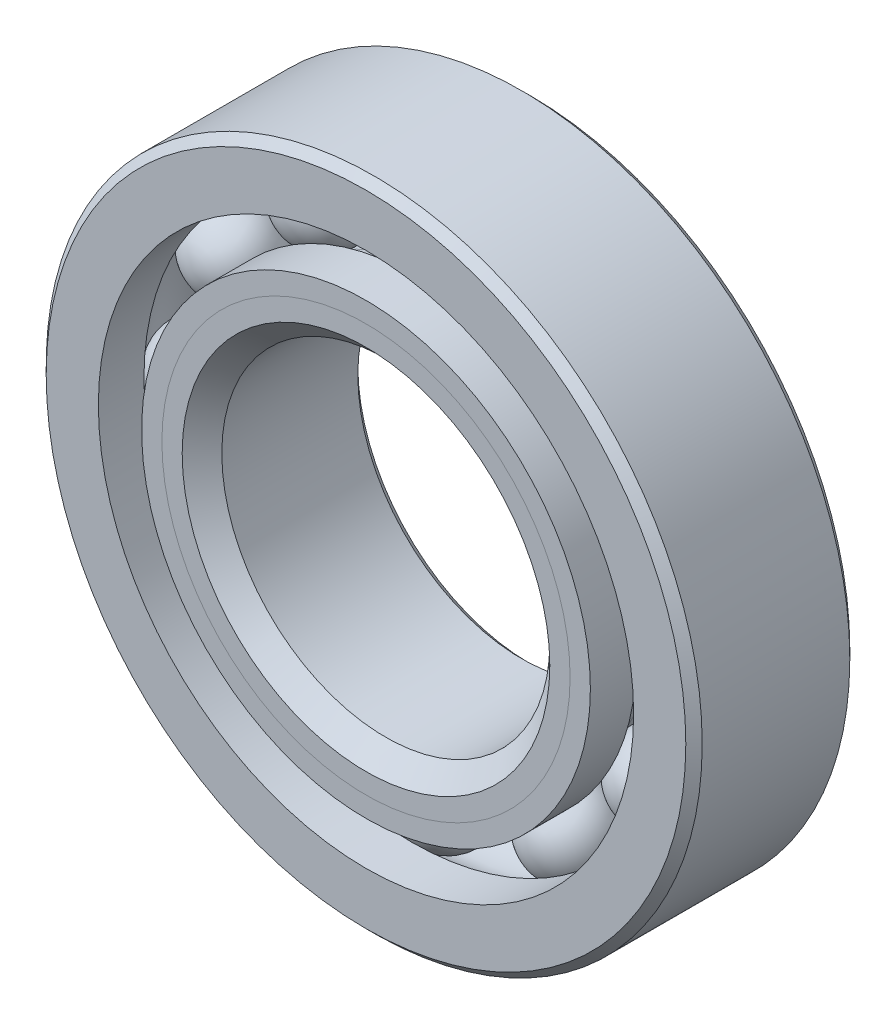
ISO-10303-21;
HEADER;
FILE_DESCRIPTION(('STEP AP214'),'2;1');
FILE_NAME('part.step','',(''),(''),'','','');
FILE_SCHEMA(('AUTOMOTIVE_DESIGN { 1 0 10303 214 1 1 1 1 }'));
ENDSEC;
DATA;
#1=APPLICATION_CONTEXT('core data for automotive mechanical design processes');
#2=APPLICATION_PROTOCOL_DEFINITION('international standard','automotive_design',2000,#1);
#3=PRODUCT_CONTEXT('',#1,'mechanical');
#4=PRODUCT('Part','Part','',(#3));
#5=PRODUCT_RELATED_PRODUCT_CATEGORY('part','',(#4));
#6=PRODUCT_DEFINITION_FORMATION('','',#4);
#7=PRODUCT_DEFINITION_CONTEXT('part definition',#1,'design');
#8=PRODUCT_DEFINITION('design','',#6,#7);
#9=PRODUCT_DEFINITION_SHAPE('','',#8);
#10=(LENGTH_UNIT() NAMED_UNIT(*) SI_UNIT(.MILLI.,.METRE.));
#11=(NAMED_UNIT(*) PLANE_ANGLE_UNIT() SI_UNIT($,.RADIAN.));
#12=(NAMED_UNIT(*) SI_UNIT($,.STERADIAN.) SOLID_ANGLE_UNIT());
#13=UNCERTAINTY_MEASURE_WITH_UNIT(LENGTH_MEASURE(1.E-05),#10,'distance_accuracy_value','');
#14=(GEOMETRIC_REPRESENTATION_CONTEXT(3) GLOBAL_UNCERTAINTY_ASSIGNED_CONTEXT((#13)) GLOBAL_UNIT_ASSIGNED_CONTEXT((#10,
#11,#12)) REPRESENTATION_CONTEXT('',''));
#15=CARTESIAN_POINT('',(0.,0.,0.));
#16=DIRECTION('',(0.,0.,1.));
#17=DIRECTION('',(1.,0.,0.));
#18=AXIS2_PLACEMENT_3D('',#15,#16,#17);
#19=CARTESIAN_POINT('',(-11.9062499999997,20.6222299276171,0.));
#20=DIRECTION('',(0.,0.,1.));
#21=DIRECTION('',(-0.499999999999989,0.866025403784445,0.));
#22=AXIS2_PLACEMENT_3D('',#19,#20,#21);
#23=SPHERICAL_SURFACE('',#22,4.10214178383694);
#24=CARTESIAN_POINT('',(-11.9062499999997,20.6222299276171,4.10214178383694));
#25=VERTEX_POINT('',#24);
#26=VERTEX_LOOP('',#25);
#27=FACE_BOUND('',#26,.T.);
#28=ADVANCED_FACE('F37',(#27),#23,.T.);
#29=CLOSED_SHELL('',(#28));
#30=MANIFOLD_SOLID_BREP('B2',#29);
#31=CARTESIAN_POINT('',(-20.6222299276168,11.9062500000002,0.));
#32=DIRECTION('',(0.,0.,1.));
#33=DIRECTION('',(-0.866025403784433,0.50000000000001,0.));
#34=AXIS2_PLACEMENT_3D('',#31,#32,#33);
#35=SPHERICAL_SURFACE('',#34,4.10214178383694);
#36=CARTESIAN_POINT('',(-20.6222299276168,11.9062500000002,4.10214178383694));
#37=VERTEX_POINT('',#36);
#38=VERTEX_LOOP('',#37);
#39=FACE_BOUND('',#38,.T.);
#40=ADVANCED_FACE('F68',(#39),#35,.T.);
#41=CLOSED_SHELL('',(#40));
#42=MANIFOLD_SOLID_BREP('B6',#41);
#43=CARTESIAN_POINT('',(-23.8125,2.49422698143606E-13,0.));
#44=DIRECTION('',(0.,0.,1.));
#45=DIRECTION('',(-1.,0.,0.));
#46=AXIS2_PLACEMENT_3D('',#43,#44,#45);
#47=SPHERICAL_SURFACE('',#46,4.10214178383694);
#48=CARTESIAN_POINT('',(-23.8125,2.49422698143606E-13,4.10214178383694));
#49=VERTEX_POINT('',#48);
#50=VERTEX_LOOP('',#49);
#51=FACE_BOUND('',#50,.T.);
#52=ADVANCED_FACE('F99',(#51),#47,.T.);
#53=CLOSED_SHELL('',(#52));
#54=MANIFOLD_SOLID_BREP('B33',#53);
#55=CARTESIAN_POINT('',(-20.6222299276171,-11.9062499999998,0.));
#56=DIRECTION('',(0.,0.,1.));
#57=DIRECTION('',(-0.866025403784443,-0.499999999999992,0.));
#58=AXIS2_PLACEMENT_3D('',#55,#56,#57);
#59=SPHERICAL_SURFACE('',#58,4.10214178383694);
#60=CARTESIAN_POINT('',(-20.6222299276171,-11.9062499999998,4.10214178383694));
#61=VERTEX_POINT('',#60);
#62=VERTEX_LOOP('',#61);
#63=FACE_BOUND('',#62,.T.);
#64=ADVANCED_FACE('F130',(#63),#59,.T.);
#65=CLOSED_SHELL('',(#64));
#66=MANIFOLD_SOLID_BREP('B64',#65);
#67=CARTESIAN_POINT('',(-11.9062500000002,-20.6222299276168,0.));
#68=DIRECTION('',(0.,0.,1.));
#69=DIRECTION('',(-0.500000000000007,-0.866025403784435,0.));
#70=AXIS2_PLACEMENT_3D('',#67,#68,#69);
#71=SPHERICAL_SURFACE('',#70,4.10214178383694);
#72=CARTESIAN_POINT('',(-11.9062500000002,-20.6222299276168,4.10214178383694));
#73=VERTEX_POINT('',#72);
#74=VERTEX_LOOP('',#73);
#75=FACE_BOUND('',#74,.T.);
#76=ADVANCED_FACE('F161',(#75),#71,.T.);
#77=CLOSED_SHELL('',(#76));
#78=MANIFOLD_SOLID_BREP('B95',#77);
#79=CARTESIAN_POINT('',(-1.66281798762404E-13,-23.8125,0.));
#80=DIRECTION('',(0.,0.,1.));
#81=DIRECTION('',(0.,-1.,0.));
#82=AXIS2_PLACEMENT_3D('',#79,#80,#81);
#83=SPHERICAL_SURFACE('',#82,4.10214178383694);
#84=CARTESIAN_POINT('',(-1.66281798762404E-13,-23.8125,4.10214178383694));
#85=VERTEX_POINT('',#84);
#86=VERTEX_LOOP('',#85);
#87=FACE_BOUND('',#86,.T.);
#88=ADVANCED_FACE('F192',(#87),#83,.T.);
#89=CLOSED_SHELL('',(#88));
#90=MANIFOLD_SOLID_BREP('B126',#89);
#91=CARTESIAN_POINT('',(11.9062499999999,-20.622229927617,0.));
#92=DIRECTION('',(0.,0.,1.));
#93=DIRECTION('',(0.499999999999995,-0.866025403784442,0.));
#94=AXIS2_PLACEMENT_3D('',#91,#92,#93);
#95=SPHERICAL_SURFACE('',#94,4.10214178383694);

────────────────

**WHAT IS REQUIRED:** The copy you write must hold every record verbatim and none of the pictures.

**EXERCISE SOLUTION:**
ISO-10303-21;
HEADER;
FILE_DESCRIPTION(('STEP AP214'),'2;1');
FILE_NAME('part.step','',(''),(''),'','','');
FILE_SCHEMA(('AUTOMOTIVE_DESIGN { 1 0 10303 214 1 1 1 1 }'));
ENDSEC;
DATA;
#1=APPLICATION_CONTEXT('core data for automotive mechanical design processes');
#2=APPLICATION_PROTOCOL_DEFINITION('international standard','automotive_design',2000,#1);
#3=PRODUCT_CONTEXT('',#1,'mechanical');
#4=PRODUCT('Part','Part','',(#3));
#5=PRODUCT_RELATED_PRODUCT_CATEGORY('part','',(#4));
#6=PRODUCT_DEFINITION_FORMATION('','',#4);
#7=PRODUCT_DEFINITION_CONTEXT('part definition',#1,'design');
#8=PRODUCT_DEFINITION('design','',#6,#7);
#9=PRODUCT_DEFINITION_SHAPE('','',#8);
#10=(LENGTH_UNIT() NAMED_UNIT(*) SI_UNIT(.MILLI.,.METRE.));
#11=(NAMED_UNIT(*) PLANE_ANGLE_UNIT() SI_UNIT($,.RADIAN.));
#12=(NAMED_UNIT(*) SI_UNIT($,.STERADIAN.) SOLID_ANGLE_UNIT());
#13=UNCERTAINTY_MEASURE_WITH_UNIT(LENGTH_MEASURE(1.E-05),#10,'distance_accuracy_value','');
#14=(GEOMETRIC_REPRESENTATION_CONTEXT(3) GLOBAL_UNCERTAINTY_ASSIGNED_CONTEXT((#13)) GLOBAL_UNIT_ASSIGNED_CONTEXT((#10,
#11,#12)) REPRESENTATION_CONTEXT('',''));
#15=CARTESIAN_POINT('',(0.,0.,0.));
#16=DIRECTION('',(0.,0.,1.));
#17=DIRECTION('',(1.,0.,0.));
#18=AXIS2_PLACEMENT_3D('',#15,#16,#17);
#19=CARTESIAN_POINT('',(-11.9062499999997,20.6222299276171,0.));
#20=DIRECTION('',(0.,0.,1.));
#21=DIRECTION('',(-0.499999999999989,0.866025403784445,0.));
#22=AXIS2_PLACEMENT_3D('',#19,#20,#21);
#23=SPHERICAL_SURFACE('',#22,4.10214178383694);
#24=CARTESIAN_POINT('',(-11.9062499999997,20.6222299276171,4.10214178383694));
#25=VERTEX_POINT('',#24);
#26=VERTEX_LOOP('',#25);
#27=FACE_BOUND('',#26,.T.);
#28=ADVANCED_FACE('F37',(#27),#23,.T.);
#29=CLOSED_SHELL('',(#28));
#30=MANIFOLD_SOLID_BREP('B2',#29);
#31=CARTESIAN_POINT('',(-20.6222299276168,11.9062500000002,0.));
#32=DIRECTION('',(0.,0.,1.));
#33=DIRECTION('',(-0.866025403784433,0.50000000000001,0.));
#34=AXIS2_PLACEMENT_3D('',#31,#32,#33);
#35=SPHERICAL_SURFACE('',#34,4.10214178383694);
#36=CARTESIAN_POINT('',(-20.6222299276168,11.9062500000002,4.10214178383694));
#37=VERTEX_POINT('',#36);
#38=VERTEX_LOOP('',#37);
#39=FACE_BOUND('',#38,.T.);
#40=ADVANCED_FACE('F68',(#39),#35,.T.);
#41=CLOSED_SHELL('',(#40));
#42=MANIFOLD_SOLID_BREP('B6',#41);
#43=CARTESIAN_POINT('',(-23.8125,2.49422698143606E-13,0.));
#44=DIRECTION('',(0.,0.,1.));
#45=DIRECTION('',(-1.,0.,0.));
#46=AXIS2_PLACEMENT_3D('',#43,#44,#45);
#47=SPHERICAL_SURFACE('',#46,4.10214178383694);
#48=CARTESIAN_POINT('',(-23.8125,2.49422698143606E-13,4.10214178383694));
#49=VERTEX_POINT('',#48);
#50=VERTEX_LOOP('',#49);
#51=FACE_BOUND('',#50,.T.);
#52=ADVANCED_FACE('F99',(#51),#47,.T.);
#53=CLOSED_SHELL('',(#52));
#54=MANIFOLD_SOLID_BREP('B33',#53);
#55=CARTESIAN_POINT('',(-20.6222299276171,-11.9062499999998,0.));
#56=DIRECTION('',(0.,0.,1.));
#57=DIRECTION('',(-0.866025403784443,-0.499999999999992,0.));
#58=AXIS2_PLACEMENT_3D('',#55,#56,#57);
#59=SPHERICAL_SURFACE('',#58,4.10214178383694);
#60=CARTESIAN_POINT('',(-20.6222299276171,-11.9062499999998,4.10214178383694));
#61=VERTEX_POINT('',#60);
#62=VERTEX_LOOP('',#61);
#63=FACE_BOUND('',#62,.T.);
#64=ADVANCED_FACE('F130',(#63),#59,.T.);
#65=CLOSED_SHELL('',(#64));
#66=MANIFOLD_SOLID_BREP('B64',#65);
#67=CARTESIAN_POINT('',(-11.9062500000002,-20.6222299276168,0.));
#68=DIRECTION('',(0.,0.,1.));
#69=DIRECTION('',(-0.500000000000007,-0.866025403784435,0.));
#70=AXIS2_PLACEMENT_3D('',#67,#68,#69);
#71=SPHERICAL_SURFACE('',#70,4.10214178383694);
#72=CARTESIAN_POINT('',(-11.9062500000002,-20.6222299276168,4.10214178383694));
#73=VERTEX_POINT('',#72);
#74=VERTEX_LOOP('',#73);
#75=FACE_BOUND('',#74,.T.);
#76=ADVANCED_FACE('F161',(#75),#71,.T.);
#77=CLOSED_SHELL('',(#76));
#78=MANIFOLD_SOLID_BREP('B95',#77);
#79=CARTESIAN_POINT('',(-1.66281798762404E-13,-23.8125,0.));
#80=DIRECTION('',(0.,0.,1.));
#81=DIRECTION('',(0.,-1.,0.));
#82=AXIS2_PLACEMENT_3D('',#79,#80,#81);
#83=SPHERICAL_SURFACE('',#82,4.10214178383694);
#84=CARTESIAN_POINT('',(-1.66281798762404E-13,-23.8125,4.10214178383694));
#85=VERTEX_POINT('',#84);
#86=VERTEX_LOOP('',#85);
#87=FACE_BOUND('',#86,.T.);
#88=ADVANCED_FACE('F192',(#87),#83,.T.);
#89=CLOSED_SHELL('',(#88));
#90=MANIFOLD_SOLID_BREP('B126',#89);
#91=CARTESIAN_POINT('',(11.9062499999999,-20.622229927617,0.));
#92=DIRECTION('',(0.,0.,1.));
#93=DIRECTION('',(0.499999999999995,-0.866025403784442,0.));
#94=AXIS2_PLACEMENT_3D('',#91,#92,#93);
#95=SPHERICAL_SURFACE('',#94,4.10214178383694);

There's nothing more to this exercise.